The 2021 Canadian Census revealed 218,430 new refugees were admitted as permanent residents and still residing in Canada. 60,795 new Syrian-born refugees were admitted and living in Canada, making up 27.8% of the current refugee population in Canada. Iraq, Eritrea, Afghanistan and Pakistan were the other common countries of origin for new refugees in Canada during that same time frame.

The LUSU Refugee Program (LRSP)

In 1999, Lakehead University students voted to contribute $1 annually to a fund for sponsoring a refugee student. Funds were collected, and the first student was supported in 2008. That year, students voted to increase contributions to $2 per year and up to $5 in 2009. 

In 2016, the levy was increased to $7, and has remained at that amount ever since. (Even though the fee should be at least $8.50 if you were to account for inflation).  

The LUSU Refugee Program (LRSP), funded by the student levy, assists refugees selected through the World University Service of Canada (WUSC) Student Refugee Program. WUSC is a Canadian non-profit organization that works to improve opportunities for youth across the globe. WUSC’s Student Refugee Program partners with universities, colleges and CEGEPs across Canada to support refugees resettle and pursue higher education. 150 student refugees are sponsored on over 100 campuses each year.

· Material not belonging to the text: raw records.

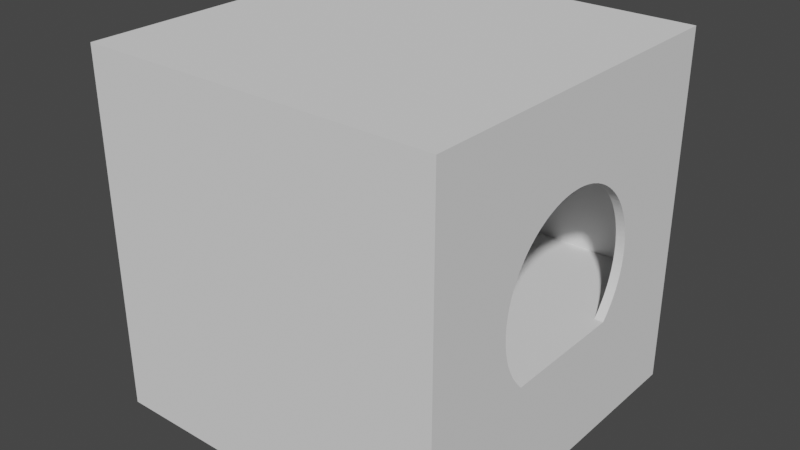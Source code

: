 # Source: 2door_room.blend  (saved by Blender 2.93.20; exported with 4.5.12 LTS)
import bpy
from mathutils import Matrix  # noqa: F401  (used for matrix-valued properties, if any)

bpy.ops.wm.read_factory_settings(use_empty=True)
scene = bpy.context.scene
scene.name = 'Scene'

# ---- collections
col_collection = bpy.data.collections.new('Collection'); scene.collection.children.link(col_collection)

# ---- world
world_world = bpy.data.worlds.new('World'); scene.world = world_world
world_world.use_nodes = True; world_world.node_tree.nodes.clear()
_N = world_world.node_tree.nodes; _L = world_world.node_tree.links
n0 = _N.new('ShaderNodeOutputWorld'); n0.name = 'World Output'; n0.location = (300, 300)
n1 = _N.new('ShaderNodeBackground'); n1.name = 'Background'; n1.location = (10, 300)
n1.inputs[0].default_value = (0.05088, 0.05088, 0.05088, 1.0)
_L.new(n1.outputs[0], n0.inputs[0])
n0.is_active_output = True
world_world.color = (0.05088, 0.05088, 0.05088)
world_world.use_sun_shadow = False
world_world.sun_shadow_jitter_overblur = 0.0

# ---- meshes
me_cube_002 = bpy.data.meshes.new('Cube.002')
me_cube_002.from_pydata([(-19.0, -19.0, -19.04), (-19.0, -19.0, 18.96), (-19.0, 19.13, -19.0), (-19.0, 19.13, 19.0), (19.0, -19.0, -19.04), (19.0, -19.0, 18.96), (19.0, 19.13, -19.0), (19.0, 19.13, 19.0), (-20.0, -20.0, -20.0), (-20.0, -20.0, 20.0), (-20.0, 20.0, -20.0), (-20.0, 20.0, 20.0), (20.0, -20.0, -20.0), (20.0, -20.0, 20.0), (20.0, 20.0, -20.0), (20.0, 20.0, 20.0), (-20.0, 0.03197, 10.0), (20.0, 0.03197, 10.0), (19.0, 0.03197, 10.0), (-20.0, 7.322, 6.845), (-20.0, -1.221, -9.921), (-19.0, 0.03197, 10.0), (-19.0, 7.322, 6.845), (19.0, 7.322, 6.845), (20.0, 7.322, 6.845), (-19.0, -1.221, -9.921), (19.0, -1.221, -9.921), (20.0, -1.221, -9.921), (-20.0, -8.058, -5.878), (20.0, -8.058, -5.878), (19.0, -8.058, -5.878), (-19.0, -8.058, -5.878), (-20.0, 6.406, -7.705), (-19.0, 6.406, -7.705), (19.0, 6.406, -7.705), (-20.0, -9.791, 1.874), (20.0, 6.406, -7.705), (20.0, -9.791, 1.874), (19.0, -9.791, 1.874), (-19.0, -9.791, 1.874), (-20.0, 10.01, -0.6279), (-19.0, 10.01, -0.6279), (19.0, 10.01, -0.6279), (20.0, 10.01, -0.6279), (-20.0, -5.326, 8.443), (-19.0, 0.6599, 9.98), (-20.0, 0.6599, 9.98), (20.0, -5.326, 8.443), (19.0, -5.326, 8.443), (-19.0, 7.737, 6.374), (20.0, 0.6599, 9.98), (-19.0, -5.326, 8.443), (-20.0, 7.737, 6.374), (19.0, 0.6599, 9.98), (19.0, 7.737, 6.374), (20.0, 7.737, 6.374), (-19.0, -1.842, -9.823), (-20.0, -1.842, -9.823), (19.0, -1.842, -9.823), (20.0, -1.842, -9.823), (-19.0, -8.411, -5.358), (-20.0, -8.411, -5.358), (20.0, -8.411, -5.358), (19.0, -8.411, -5.358), (-19.0, 5.91, -8.09), (-20.0, 5.91, -8.09), (19.0, 5.91, -8.09), (20.0, 5.91, -8.09), (-19.0, -9.654, 2.487), (-20.0, -9.654, 2.487), (-19.0, 9.953, -1.253), (-20.0, 9.953, -1.253), (20.0, -9.654, 2.487), (19.0, 9.953, -1.253), (20.0, 9.953, -1.253), (19.0, -9.654, 2.487), (-19.0, -4.786, 8.763), (-20.0, -4.786, 8.763), (20.0, -4.786, 8.763), (19.0, -4.786, 8.763), (-19.0, 1.285, 9.921), (-20.0, 1.285, 9.921), (20.0, 1.285, 9.921), (19.0, 1.285, 9.921), (-19.0, 8.122, 5.878), (-20.0, 8.122, 5.878), (19.0, 8.122, 5.878), (20.0, 8.122, 5.878), (-19.0, -2.455, -9.686), (-20.0, -2.455, -9.686), (19.0, -2.455, -9.686), (20.0, -2.455, -9.686), (-19.0, -8.731, -4.818), (-20.0, -8.731, -4.818), (20.0, -8.731, -4.818), (19.0, -8.731, -4.818), (-19.0, 9.855, -1.874), (-20.0, 9.855, -1.874), (19.0, 9.855, -1.874), (20.0, 9.855, -1.874), (-19.0, -9.479, 3.09), (-20.0, -9.479, 3.09), (20.0, -9.479, 3.09), (19.0, -9.479, 3.09), (-19.0, 5.39, -8.443), (-20.0, 5.39, -8.443), (19.0, 5.39, -8.443), (20.0, 5.39, -8.443), (-19.0, 1.906, 9.823), (-20.0, 1.906, 9.823), (20.0, 1.906, 9.823), (19.0, 1.906, 9.823), (-19.0, -4.226, 9.048), (-20.0, -4.226, 9.048), (20.0, -4.226, 9.048), (19.0, -4.226, 9.048), (-19.0, 8.475, 5.358), (-20.0, 8.475, 5.358), (19.0, 8.475, 5.358), (20.0, 8.475, 5.358), (-19.0, -3.058, -9.511), (-20.0, -3.058, -9.511), (19.0, -3.058, -9.511), (20.0, -3.058, -9.511), (-19.0, 9.718, -2.487), (-20.0, 9.718, -2.487), (19.0, 9.718, -2.487), (20.0, 9.718, -2.487), (-19.0, -9.016, -4.258), (-20.0, -9.016, -4.258), (20.0, -9.016, -4.258), (-19.0, -9.266, 3.681), (19.0, -9.016, -4.258), (-20.0, -9.266, 3.681), (20.0, -9.266, 3.681), (19.0, -9.266, 3.681), (-19.0, 4.85, -8.763), (-20.0, 4.85, -8.763), (19.0, 4.85, -8.763), (20.0, 4.85, -8.763), (-19.0, 2.519, 9.686), (-20.0, 2.519, 9.686), (20.0, 2.519, 9.686), (19.0, 2.519, 9.686), (-19.0, 8.795, 4.818), (-20.0, 8.795, 4.818), (19.0, 8.795, 4.818), (20.0, 8.795, 4.818), (-19.0, -3.649, -9.298), (-20.0, -3.649, -9.298), (19.0, -3.649, -9.298), (20.0, -3.649, -9.298), (-19.0, -3.649, 9.298), (-20.0, -3.649, 9.298), (20.0, -3.649, 9.298), (19.0, -3.649, 9.298), (-19.0, 9.543, -3.09), (-20.0, 9.543, -3.09), (-19.0, -9.016, 4.258), (19.0, 9.543, -3.09), (20.0, 9.543, -3.09), (-20.0, -9.016, 4.258), (20.0, -9.016, 4.258), (19.0, -9.016, 4.258), (-19.0, -9.266, -3.681), (-20.0, -9.266, -3.681), (20.0, -9.266, -3.681), (19.0, -9.266, -3.681), (-19.0, 4.29, -9.048), (-20.0, 4.29, -9.048), (19.0, 4.29, -9.048), (20.0, 4.29, -9.048), (-19.0, 3.122, 9.511), (-20.0, 3.122, 9.511), (20.0, 3.122, 9.511), (19.0, 3.122, 9.511), (-19.0, -4.226, -9.048), (-20.0, -4.226, -9.048), (19.0, -4.226, -9.048), (20.0, -4.226, -9.048), (-19.0, 9.08, 4.258), (-20.0, 9.08, 4.258), (19.0, 9.08, 4.258), (20.0, 9.08, 4.258), (-19.0, -3.058, 9.511), (-20.0, -3.058, 9.511), (20.0, -3.058, 9.511), (19.0, -3.058, 9.511), (-19.0, 9.33, -3.681), (-19.0, -8.731, 4.818), (-20.0, 9.33, -3.681), (-20.0, -8.731, 4.818), (-19.0, 3.713, 9.298), (19.0, 9.33, -3.681), (20.0, 9.33, -3.681), (-20.0, 3.713, 9.298), (20.0, -8.731, 4.818), (20.0, 3.713, 9.298), (19.0, -8.731, 4.818), (19.0, 3.713, 9.298), (-19.0, -9.479, -3.09), (-20.0, -9.479, -3.09), (-19.0, 3.713, -9.298), (-20.0, 3.713, -9.298), (20.0, -9.479, -3.09), (19.0, 3.713, -9.298), (20.0, 3.713, -9.298), (19.0, -9.479, -3.09), (-19.0, -4.786, -8.763), (-20.0, -4.786, -8.763), (19.0, -4.786, -8.763), (20.0, -4.786, -8.763), (-19.0, 9.33, 3.681), (-20.0, 9.33, 3.681), (19.0, 9.33, 3.681), (20.0, 9.33, 3.681), (-19.0, -2.455, 9.686), (-20.0, -2.455, 9.686), (20.0, -2.455, 9.686), (19.0, -2.455, 9.686), (-19.0, 4.29, 9.048), (-19.0, -8.411, 5.358), (-20.0, 4.29, 9.048), (-20.0, -8.411, 5.358), (20.0, 4.29, 9.048), (20.0, -8.411, 5.358), (19.0, 4.29, 9.048), (19.0, -8.411, 5.358), (-19.0, 9.08, -4.258), (-20.0, 9.08, -4.258), (-19.0, 3.122, -9.511), (19.0, 9.08, -4.258), (20.0, 9.08, -4.258), (-20.0, 3.122, -9.511), (19.0, 3.122, -9.511), (20.0, 3.122, -9.511), (-19.0, -5.326, -8.443), (-20.0, -5.326, -8.443), (19.0, -5.326, -8.443), (20.0, -5.326, -8.443), (-19.0, -9.654, -2.487), (-20.0, -9.654, -2.487), (20.0, -9.654, -2.487), (19.0, -9.654, -2.487), (-19.0, -1.842, 9.823), (-20.0, -1.842, 9.823), (20.0, -1.842, 9.823), (-19.0, 9.543, 3.09), (19.0, -1.842, 9.823), (-20.0, 9.543, 3.09), (-19.0, 4.85, 8.763), (-20.0, 4.85, 8.763), (19.0, 9.543, 3.09), (20.0, 9.543, 3.09), (-19.0, -8.058, 5.878), (20.0, 4.85, 8.763), (-20.0, -8.058, 5.878), (19.0, 4.85, 8.763), (20.0, -8.058, 5.878), (19.0, -8.058, 5.878), (-19.0, 2.519, -9.686), (-20.0, 2.519, -9.686), (19.0, 2.519, -9.686), (20.0, 2.519, -9.686), (-19.0, 8.795, -4.818), (-20.0, 8.795, -4.818), (19.0, 8.795, -4.818), (20.0, 8.795, -4.818), (-19.0, -5.846, -8.09), (-20.0, -5.846, -8.09), (19.0, -5.846, -8.09), (20.0, -5.846, -8.09), (-19.0, -9.791, -1.874), (-20.0, -9.791, -1.874), (-19.0, 1.906, -9.823), (-20.0, 1.906, -9.823), (-19.0, 5.39, 8.443), (-20.0, 5.39, 8.443), (19.0, 1.906, -9.823), (20.0, 1.906, -9.823), (-19.0, -7.673, 6.374), (-20.0, -7.673, 6.374), (20.0, -9.791, -1.874), (20.0, 5.39, 8.443), (19.0, -9.791, -1.874), (20.0, -7.673, 6.374), (19.0, 5.39, 8.443), (19.0, -7.673, 6.374), (-19.0, 8.475, -5.358), (-19.0, 9.718, 2.487), (-20.0, 8.475, -5.358), (-20.0, 9.718, 2.487), (19.0, 8.475, -5.358), (20.0, 8.475, -5.358), (19.0, 9.718, 2.487), (20.0, 9.718, 2.487), (-19.0, -1.221, 9.921), (-20.0, -1.221, 9.921), (20.0, -1.221, 9.921), (19.0, -1.221, 9.921), (-19.0, -6.342, -7.705), (-20.0, -6.342, -7.705), (19.0, -6.342, -7.705), (20.0, -6.342, -7.705), (-19.0, 5.91, 8.09), (-20.0, 5.91, 8.09), (20.0, 5.91, 8.09), (-19.0, -7.258, 6.845), (-20.0, -7.258, 6.845), (19.0, 5.91, 8.09), (20.0, -7.258, 6.845), (19.0, -7.258, 6.845), (-19.0, 8.122, -5.878), (-20.0, 8.122, -5.878), (19.0, 8.122, -5.878), (20.0, 8.122, -5.878), (-19.0, 1.285, -9.921), (-20.0, 1.285, -9.921), (-19.0, 9.855, 1.874), (-20.0, 9.855, 1.874), (19.0, 1.285, -9.921), (20.0, 1.285, -9.921), (19.0, 9.855, 1.874), (20.0, 9.855, 1.874), (-19.0, -9.889, -1.253), (-20.0, -9.889, -1.253), (20.0, -9.889, -1.253), (19.0, -9.889, -1.253), (-19.0, -0.5959, 9.98), (-19.0, -6.814, -7.29), (-20.0, -0.5959, 9.98), (-20.0, -6.814, -7.29), (19.0, -6.814, -7.29), (20.0, -6.814, -7.29), (19.0, -7.205, 6.898), (20.0, -0.5959, 9.98), (-19.0, -6.867, 7.236), (19.0, -0.5959, 9.98), (-19.0, 6.406, 7.705), (-20.0, 6.406, 7.705), (20.0, 6.406, 7.705), (19.0, 6.406, 7.705), (-19.0, 7.737, -6.374), (-20.0, 7.737, -6.374), (19.0, 7.737, -6.374), (20.0, 7.737, -6.374), (-19.0, 0.6599, -9.98), (-20.0, 0.6599, -9.98), (19.0, 0.6599, -9.98), (20.0, 0.6599, -9.98), (-19.0, -6.813, 7.29), (-20.0, -6.813, 7.29), (20.0, -6.813, 7.29), (19.0, -6.813, 7.29), (-19.0, -7.014, -7.089), (-19.0, 9.953, 1.253), (-20.0, 9.953, 1.253), (19.0, 9.953, 1.253), (20.0, 9.953, 1.253), (-19.0, -9.948, -0.6279), (-20.0, -9.948, -0.6279), (20.0, -9.948, -0.6279), (19.0, -9.948, -0.6279), (-19.0, 6.877, 7.29), (-20.0, 6.877, 7.29), (20.0, 6.877, 7.29), (19.0, 6.877, 7.29), (-20.0, -7.258, -6.845), (-19.0, -7.258, -6.845), (20.0, -7.258, -6.845), (19.0, -7.014, -7.089), (19.0, -7.258, -6.845), (-19.0, 7.322, -6.845), (-20.0, 7.322, -6.845), (19.0, 7.322, -6.845), (20.0, 7.322, -6.845), (-19.0, 0.03196, -10.0), (-20.0, 0.03196, -10.0), (19.0, 0.03196, -10.0), (20.0, 0.03196, -10.0), (-19.0, 10.01, 0.6279), (-20.0, 10.01, 0.6279), (19.0, 10.01, 0.6279), (20.0, 10.01, 0.6279), (-19.0, -6.342, 7.705), (-20.0, -6.342, 7.705), (-19.0, -9.968, 1.442e-05), (-20.0, 7.057, -7.11), (20.0, -6.342, 7.705), (-20.0, -9.968, 1.442e-05), (19.0, -6.342, 7.705), (20.0, -9.968, 1.442e-05), (19.0, -9.968, 1.442e-05), (-19.0, -7.673, -6.374), (-20.0, -7.673, -6.374), (20.0, 7.057, 7.11), (20.0, -7.673, -6.374), (19.0, -7.673, -6.374), (-19.0, 6.877, -7.29), (-20.0, 6.877, -7.29), (19.0, 6.877, -7.29), (20.0, 6.877, -7.29), (-19.0, -0.5959, -9.98), (-20.0, -0.5959, -9.98), (19.0, -0.5959, -9.98), (20.0, -0.5959, -9.98), (-19.0, 10.03, -4.013e-06), (-20.0, 10.03, -4.013e-06), (19.0, 10.03, -4.013e-06), (20.0, 10.03, -4.013e-06), (-19.0, -9.948, 0.6279), (-20.0, -9.948, 0.6279), (20.0, -9.948, 0.6279), (19.0, -9.948, 0.6279), (-19.0, -5.846, 8.09), (-20.0, -5.846, 8.09), (20.0, -5.846, 8.09), (19.0, -5.846, 8.09), (-19.0, -9.889, 1.253), (-20.0, -9.889, 1.253), (20.0, -9.889, 1.253), (19.0, -9.889, 1.253), (-0.009591, 19.13, 10.0), (6.836, 19.13, -7.29), (-0.009591, 20.0, 10.0), (6.836, 20.0, -7.29), (-7.715, 20.0, -6.374), (7.28, 20.0, 6.845), (-7.715, 19.13, -6.374), (7.28, 19.13, 6.845), (-9.931, 20.0, 1.253), (-9.931, 19.13, 1.253), (9.971, 20.0, -0.6279), (9.971, 19.13, -0.6279), (-0.6375, 19.13, -9.98), (-0.6375, 20.0, -9.98), (-6.384, 19.13, 7.705), (-6.384, 20.0, 7.705), (0.6183, 19.13, 9.98), (0.6183, 20.0, 9.98), (6.365, 19.13, -7.705), (6.365, 20.0, -7.705), (-5.887, 19.13, 8.09), (-5.887, 20.0, 8.09), (-1.263, 19.13, -9.921), (-1.263, 20.0, -9.921), (-8.1, 20.0, -5.878), (-8.1, 19.13, -5.878), (-9.832, 20.0, 1.874), (-9.832, 19.13, 1.874), (9.912, 20.0, -1.253), (7.696, 20.0, 6.374), (9.912, 19.13, -1.253), (7.696, 19.13, 6.374), (5.868, 19.13, -8.09), (5.868, 20.0, -8.09), (1.244, 19.13, 9.921), (1.244, 20.0, 9.921), (-5.368, 19.13, 8.443), (-5.368, 20.0, 8.443), (-8.453, 20.0, -5.358), (-1.883, 19.13, -9.823), (-8.453, 19.13, -5.358), (-1.883, 20.0, -9.823), (-9.695, 20.0, 2.487), (-9.695, 19.13, 2.487), (9.813, 20.0, -1.874), (9.813, 19.13, -1.874), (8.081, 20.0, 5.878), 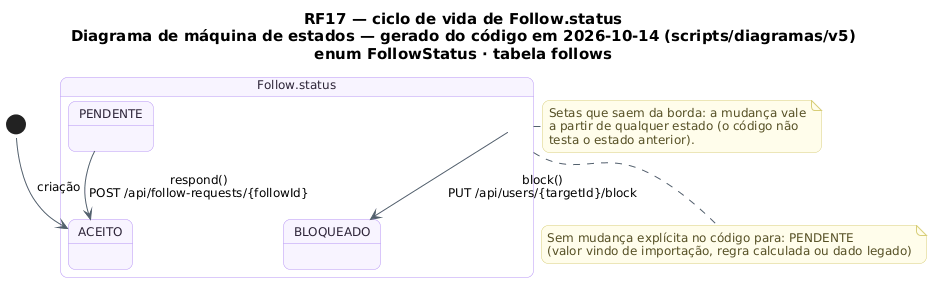

The diagram above was rendered by PlantUML. Its source (embedded in the PNG):
@startuml RF17_MaquinaDeEstados_Follow
!pragma layout smetana
skinparam backgroundColor #FFFFFF
skinparam shadowing false
skinparam defaultFontName "DejaVu Sans"
skinparam defaultFontSize 12
skinparam titleFontSize 15
skinparam roundcorner 14
skinparam ArrowColor #52606D
skinparam note {
  BackgroundColor #FFFDEB
  BorderColor #D8CE78
  FontColor #554F24
}
skinparam state {
  BackgroundColor #F8F4FF
  BorderColor #B695F5
  FontColor #2D2438
  StartColor #20A77A
  EndColor #4B5563
}
title RF17 — ciclo de vida de Follow.status\nDiagrama de máquina de estados — gerado do código em 2026-10-14 (scripts/diagramas/v5)\nenum FollowStatus · tabela follows

state "Follow.status" as Ciclo_Follow {
  state Ciclo_Follow_PENDENTE as "PENDENTE"
  state Ciclo_Follow_ACEITO as "ACEITO"
  state Ciclo_Follow_BLOQUEADO as "BLOQUEADO"
}
[*] --> Ciclo_Follow_ACEITO : criação
Ciclo_Follow --> Ciclo_Follow_BLOQUEADO : block()\nPUT /api/users/{targetId}/block
Ciclo_Follow_PENDENTE --> Ciclo_Follow_ACEITO : respond()\nPOST /api/follow-requests/{followId}
note bottom of Ciclo_Follow
  Sem mudança explícita no código para: PENDENTE
  (valor vindo de importação, regra calculada ou dado legado)
end note
note right of Ciclo_Follow
  Setas que saem da borda: a mudança vale
  a partir de qualquer estado (o código não
  testa o estado anterior).
end note
@enduml

Each campus has its own local committee for raising funds, increasing awareness and, most importantly, supporting the newly arrived students with day-to-day social and academic support. 

As of 2023, LUSU has sponsored over 25 refugee students to pursue post-secondary studies at Lakehead University in Thunder Bay. 

Marteena’s Story

Marteena Aal-Hano is a 4th-year student studying Outdoor Recreation Parks and Tourism at Lakehead. 

Marteena was living in Jordan as a refugee after she left Iraq with her family in 2014. At that time, her family was able to legally travel to Jordan and apply for U.N. asylum seeker status. 

Marteena explains that although the relationship between Iraq and Jordan was stable, refugees had few opportunities to study or work. 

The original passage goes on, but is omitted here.